Unter die Zulassung fallen die heute bereits bekannten, besonders besorgniserregenden Stoffe (SVHC = Substances of very high concern). Dazu gehören:

- krebserzeugende, erbgutverändernde und fruchtschädigende Stoffe der Kategorie 1 oder 2,
- persistente, bioakkumulierbare und toxische Stoffe (= PBT-Stoffe)
(Die Kriterien für diese Eigenschaften sind in Anhang XIII REACH-Verordnung aufgeführt.),
- sehr persistente und sehr bioakkumulierbare Stoffe (= vPvB-Stoffe)
(Die Kriterien für diese Eigenschaften sind in Anhang XIII REACH-Verordnung aufgeführt.),
- endokrin wirksame Stoffe sowie Stoffe, die nach wissenschaftlichen Erkenntnissen wahrscheinlich schwerwiegende Wirkungen auf menschliche Gesundheit und Umwelt haben, können der Zulassung bedürfen.
(Bis zum 1.6.2013 prüft die Kommission, ob auch endokrin wirksame Stoffe in Anhang XIV aufgenommen werden.)
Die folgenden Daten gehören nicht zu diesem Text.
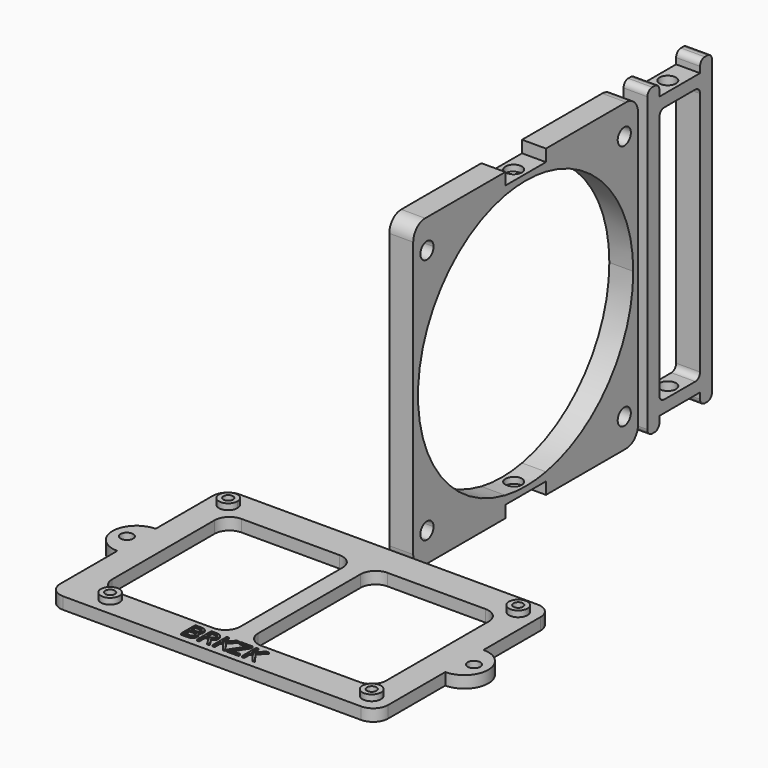
from build123d import *

# Parameters (mm, degrees)
F3_R      = 3.1
F3_W      = 42.85
F3_H      = 52.8
F3_R_2    = 2.1
F3_R_3    = 1.6
F3_W_2    = 0.69140625
F3_H_2    = 0.75
F4_DEPTH  = 4
F5_DEPTH  = 2
F6_DEPTH  = 0.4
F7_R      = 5
F8_R      = 5
F10_R     = 2.75
F10_W     = 38.5
F10_H     = 4
F11_DEPTH = 8
F13_D     = 5.5
F14_R     = 5
F15_W     = 17
F15_H     = 4
F16_DEPTH = 8
F18_D     = 5.5
F19_R     = 2


# Not quite as in the source:
# - a feature names something its author has since deleted; it is built from what else it names


with BuildPart() as f4:
    # F3 (on Top) → F4 (new body)
    with BuildSketch(Plane.XY):
        Polygon((54.85, 36.9), (-54.85, 36.9), (-54.85, 8), (-54.85, -8), (-54.85, -36.9), (-13.0384114583, -36.9), (54.85, -36.9), (54.85, -8), (54.85, 8), align=None)
        with BuildLine():
            Line((-51.85, -33.9), (-51.85, 33.9))
            Line((-51.85, 33.9), (-48.55, 33.9))
            Line((-48.55, 33.9), (51.85, 33.9))
            Line((51.85, 33.9), (51.85, -33.9))
            Line((51.85, -33.9), (11.9448348007, -33.9))
            Line((11.9448348007, -33.9), (12.498046875, -34.65))
            Line((12.498046875, -34.65), (11.6842447917, -34.65))
            Line((11.6842447917, -34.65), (11.1207294487, -33.9))
            Line((11.1207294487, -33.9), (8.892578125, -33.9))
            Line((8.892578125, -33.9), (8.892578125, -34.65))
            Line((8.892578125, -34.65), (8.201171875, -34.65))
            Line((8.201171875, -34.65), (8.201171875, -33.9))
            Line((8.201171875, -33.9), (3.8844248565, -33.9))
            Line((3.8844248565, -33.9), (3.802734375, -34.0236979167))
            Line((3.802734375, -34.0236979167), (7.0501302083, -34.0236979167))
            Line((7.0501302083, -34.0236979167), (7.0501302083, -34.65))
            Line((7.0501302083, -34.65), (2.9602864583, -34.65))
            Line((2.9602864583, -34.65), (2.9602864583, -34.1083333333))
            Line((2.9602864583, -34.1083333333), (3.0977581137, -33.9))
            Line((3.0977581137, -33.9), (2.0737410507, -33.9))
            Line((2.0737410507, -33.9), (2.626953125, -34.65))
            Line((2.626953125, -34.65), (1.8131510417, -34.65))
            Line((1.8131510417, -34.65), (1.2496356987, -33.9))
            Line((1.2496356987, -33.9), (-0.978515625, -33.9))
            Line((-0.978515625, -33.9), (-0.978515625, -34.65))
            Line((-0.978515625, -34.65), (-1.669921875, -34.65))
            Line((-1.669921875, -34.65), (-1.669921875, -33.9))
            Line((-1.669921875, -33.9), (-3.0829182269, -33.9))
            Line((-3.0829182269, -33.9), (-2.6295572917, -34.65))
            Line((-2.6295572917, -34.65), (-3.447265625, -34.65))
            Line((-3.447265625, -34.65), (-3.8838445724, -33.9))
            Line((-3.8838445724, -33.9), (-6.1295572917, -33.9))
            Line((-6.1295572917, -33.9), (-6.1295572917, -34.65))
            Line((-6.1295572917, -34.65), (-6.8209635417, -34.65))
            Line((-6.8209635417, -34.65), (-6.8209635417, -33.9))
            Line((-6.8209635417, -33.9), (-8.3611343756, -33.9))
            add(Edge.make_bspline(
                [(-8.3611343756, -33.9), (-8.4747116287, -34.0669277583), (-8.6373697917, -34.2020833333)],
                knots=[0.6982573208, 0.6982573208, 0.6982573208, 1, 1, 1], degree=2))
            add(Edge.make_bspline(
                [(-8.6373697917, -34.2020833333), (-9.1764322917, -34.65), (-10.1451822917, -34.65)],
                knots=[0, 0, 0, 1, 1, 1], degree=2))
            Line((-10.1451822917, -34.65), (-12.220703125, -34.65))
            Line((-12.220703125, -34.65), (-12.220703125, -33.9))
            Line((-12.220703125, -33.9), (-51.85, -33.9))
        make_face(mode=Mode.SUBTRACT)
        with BuildLine():
            Line((-48.55, 33.9), (-51.85, 33.9))
            Line((-51.85, 33.9), (-51.85, -33.9))
            Line((-51.85, -33.9), (-12.220703125, -33.9))
            Line((-12.220703125, -33.9), (-12.220703125, -28.70078125))
            Line((-12.220703125, -28.70078125), (-10.5397135417, -28.70078125))
            add(Edge.make_bspline(
                [(-10.5397135417, -28.70078125), (-9.3561197917, -28.70078125), (-8.8268229167, -29.0549479167)],
                knots=[0, 0, 0, 1, 1, 1], degree=2))
            add(Edge.make_bspline(
                [(-8.8268229167, -29.0549479167), (-8.2975260417, -29.4091145833), (-8.2975260417, -30.1734375)],
                knots=[0, 0, 0, 1, 1, 1], degree=2))
            add(Edge.make_bspline(
                [(-8.2975260417, -30.1734375), (-8.2975260417, -30.7033854167), (-8.5924479167, -31.0471354167)],
                knots=[0, 0, 0, 1, 1, 1], degree=2))
            add(Edge.make_bspline(
                [(-8.5924479167, -31.0471354167), (-8.8873697917, -31.3908854167), (-9.4537760417, -31.4924479167)],
                knots=[0, 0, 0, 1, 1, 1], degree=2))
            Line((-9.4537760417, -31.4924479167), (-9.4537760417, -31.5328125))
            add(Edge.make_bspline(
                [(-9.4537760417, -31.5328125), (-8.0983072917, -31.7645833333), (-8.0983072917, -32.9572916667)],
                knots=[0, 0, 0, 1, 1, 1], degree=2))
            add(Edge.make_bspline(
                [(-8.0983072917, -32.9572916667), (-8.0983072917, -33.5137154692), (-8.3611343756, -33.9)],
                knots=[0, 0, 0, 0.6982573208, 0.6982573208, 0.6982573208], degree=2))
            Line((-8.3611343756, -33.9), (-6.8209635417, -33.9))
            Line((-6.8209635417, -33.9), (-6.8209635417, -28.70078125))
            Line((-6.8209635417, -28.70078125), (-5.189453125, -28.70078125))
            add(Edge.make_bspline(
                [(-5.189453125, -28.70078125), (-4.0944010417, -28.70078125), (-3.5716145833, -29.1200520833)],
                knots=[0, 0, 0, 1, 1, 1], degree=2))
            add(Edge.make_bspline(
                [(-3.5716145833, -29.1200520833), (-3.048828125, -29.5393229167), (-3.048828125, -30.3817708333)],
                knots=[0, 0, 0, 1, 1, 1], degree=2))
            add(Edge.make_bspline(
                [(-3.048828125, -30.3817708333), (-3.048828125, -31.5614583333), (-4.2454427083, -31.9768229167)],
                knots=[0, 0, 0, 1, 1, 1], degree=2))
            Line((-4.2454427083, -31.9768229167), (-3.0829182269, -33.9))
            Line((-3.0829182269, -33.9), (-1.669921875, -33.9))
            Line((-1.669921875, -33.9), (-1.669921875, -28.70078125))
            Line((-1.669921875, -28.70078125), (-0.978515625, -28.70078125))
            Line((-0.978515625, -28.70078125), (-0.978515625, -31.6513020833))
            Line((-0.978515625, -31.6513020833), (1.7194010417, -28.70078125))
            Line((1.7194010417, -28.70078125), (2.537109375, -28.70078125))
            Line((2.537109375, -28.70078125), (0.1451822917, -31.2854166667))
            Line((0.1451822917, -31.2854166667), (2.0737410507, -33.9))
            Line((2.0737410507, -33.9), (3.0977581137, -33.9))
            Line((3.0977581137, -33.9), (6.1178385417, -29.3231770833))
            Line((6.1178385417, -29.3231770833), (3.0579427083, -29.3231770833))
            Line((3.0579427083, -29.3231770833), (3.0579427083, -28.70078125))
            Line((3.0579427083, -28.70078125), (6.9602864583, -28.70078125))
            Line((6.9602864583, -28.70078125), (6.9602864583, -29.2424479167))
            Line((6.9602864583, -29.2424479167), (3.8844248565, -33.9))
            Line((3.8844248565, -33.9), (8.201171875, -33.9))
            Line((8.201171875, -33.9), (8.201171875, -28.70078125))
            Line((8.201171875, -28.70078125), (8.892578125, -28.70078125))
            Line((8.892578125, -28.70078125), (8.892578125, -31.6513020833))
            Line((8.892578125, -31.6513020833), (11.5904947917, -28.70078125))
            Line((11.5904947917, -28.70078125), (12.408203125, -28.70078125))
            Line((12.408203125, -28.70078125), (10.0162760417, -31.2854166667))
            Line((10.0162760417, -31.2854166667), (11.9448348007, -33.9))
            Line((11.9448348007, -33.9), (51.85, -33.9))
            Line((51.85, -33.9), (51.85, 33.9))
            Line((51.85, 33.9), (-48.55, 33.9))
        make_face()
        with Locations((-39.25, -30.5)):
            Circle(F3_R, mode=Mode.SUBTRACT)
        with Locations((48.25, -30.5)):
            Circle(F3_R, mode=Mode.SUBTRACT)
        Polygon((-45.85, -26.4), (-45.85, 26.4), (-3, 26.4), (-3, -26.4), (-13.0384114583, -26.4), align=None, mode=Mode.SUBTRACT)
        with BuildLine():
            ThreePointArc((-45.45, 30.5), (-50.7420310217, 28.3079689783), (-48.55, 33.6))
            ThreePointArc((-48.55, 33.6), (-46.3579689783, 32.6920310217), (-45.45, 30.5))
        make_face(mode=Mode.SUBTRACT)
        with Locations((24.425, 0)):
            Rectangle(F3_W, F3_H, mode=Mode.SUBTRACT)
        with Locations((48.45, 30.5)):
            Circle(F3_R, mode=Mode.SUBTRACT)
        with BuildLine():
            ThreePointArc((54.85, -8), (62.85, 0), (54.85, 8))
            Line((54.85, 8), (54.85, -8))
        make_face()
        with Locations((58.05, 0)):
            Circle(F3_R_2, mode=Mode.SUBTRACT)
        with BuildLine():
            Line((-54.85, -8), (-54.85, 8))
            ThreePointArc((-54.85, 8), (-62.85, 0), (-54.85, -8))
        make_face()
        with Locations((-58.05, 0)):
            Circle(F3_R_2, mode=Mode.SUBTRACT)
        with BuildLine():
            ThreePointArc((-45.45, 30.5), (-46.3579689783, 32.6920310217), (-48.55, 33.6))
            ThreePointArc((-48.55, 33.6), (-50.7420310217, 28.3079689783), (-45.45, 30.5))
        make_face()
        with BuildLine():
            ThreePointArc((-46.95, 30.5), (-49.6813708499, 29.3686291501), (-48.55, 32.1))
            ThreePointArc((-48.55, 32.1), (-47.4186291501, 31.6313708499), (-46.95, 30.5))
        make_face(mode=Mode.SUBTRACT)
        with Locations((-39.25, -30.5)):
            Circle(F3_R)
        with Locations((-39.25, -30.5)):
            Circle(F3_R_3, mode=Mode.SUBTRACT)
        with Locations((48.25, -30.5)):
            Circle(F3_R)
        with Locations((48.25, -30.5)):
            Circle(F3_R_3, mode=Mode.SUBTRACT)
        with Locations((48.45, 30.5)):
            Circle(F3_R)
        with Locations((48.45, 30.5)):
            Circle(F3_R_3, mode=Mode.SUBTRACT)
        with BuildLine():
            Line((-6.8209635417, -28.70078125), (-6.8209635417, -33.9))
            Line((-6.8209635417, -33.9), (-6.1295572917, -33.9))
            Line((-6.1295572917, -33.9), (-6.1295572917, -32.1760416667))
            Line((-6.1295572917, -32.1760416667), (-4.8873697917, -32.1760416667))
            Line((-4.8873697917, -32.1760416667), (-3.8838445724, -33.9))
            Line((-3.8838445724, -33.9), (-3.0829182269, -33.9))
            Line((-3.0829182269, -33.9), (-4.2454427083, -31.9768229167))
            add(Edge.make_bspline(
                [(-3.048828125, -30.3817708333), (-3.048828125, -31.5614583333), (-4.2454427083, -31.9768229167)],
                knots=[0, 0, 0, 1, 1, 1], degree=2))
            add(Edge.make_bspline(
                [(-3.5716145833, -29.1200520833), (-3.048828125, -29.5393229167), (-3.048828125, -30.3817708333)],
                knots=[0, 0, 0, 1, 1, 1], degree=2))
            add(Edge.make_bspline(
                [(-5.189453125, -28.70078125), (-4.0944010417, -28.70078125), (-3.5716145833, -29.1200520833)],
                knots=[0, 0, 0, 1, 1, 1], degree=2))
            Line((-5.189453125, -28.70078125), (-6.8209635417, -28.70078125))
        make_face()
        with BuildLine():
            Line((-5.1803385417, -31.5822916667), (-6.1295572917, -31.5822916667))
            Line((-6.1295572917, -31.5822916667), (-6.1295572917, -29.3075520833))
            Line((-6.1295572917, -29.3075520833), (-5.2298177083, -29.3075520833))
            add(Edge.make_bspline(
                [(-4.1126302083, -29.56796875), (-4.4602864583, -29.3075520833), (-5.2298177083, -29.3075520833)],
                knots=[0, 0, 0, 1, 1, 1], degree=2))
            add(Edge.make_bspline(
                [(-3.7649739583, -30.4182291667), (-3.7649739583, -29.8283854167), (-4.1126302083, -29.56796875)],
                knots=[0, 0, 0, 1, 1, 1], degree=2))
            add(Edge.make_bspline(
                [(-4.1067708333, -31.2912760417), (-3.7649739583, -31.0002604167), (-3.7649739583, -30.4182291667)],
                knots=[0, 0, 0, 1, 1, 1], degree=2))
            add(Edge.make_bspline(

Diese Stoffe unterliegen einem gesonderten Zulassungsverfahren, in dem die Antragsteller die Verfügbarkeit von Alternativen und deren Risiken sowie die technische und wirtschaftliche Durchführbarkeit der Substitution prüfen. Ziel ist es, die zulassungspflichtigen Stoffe schrittweise zu substituieren.

Die zulassungspflichtigen Stoffe werden in Anhang XIV REACH-Verordnung aufgeführt und erhalten eine Zulassungsnummer. Bevor diese Stoffe in diesen Anhang aufgenommen werden, werden sie in einer Kandidatenliste veröffentlicht und unterliegen einem öffentlichen Kommentierungsverfahren. Die Kandidatenliste ist auf den Internet-Seiten der ECHA einsehbar. Eine deutsche Übersetzung wird von der BAuA veröffentlicht.
Die erste Empfehlung für die prioritär aufzunehmenden Stoffe in den Anhang XIV wird bis zum 1.6.2009 von der ECHA abgegeben.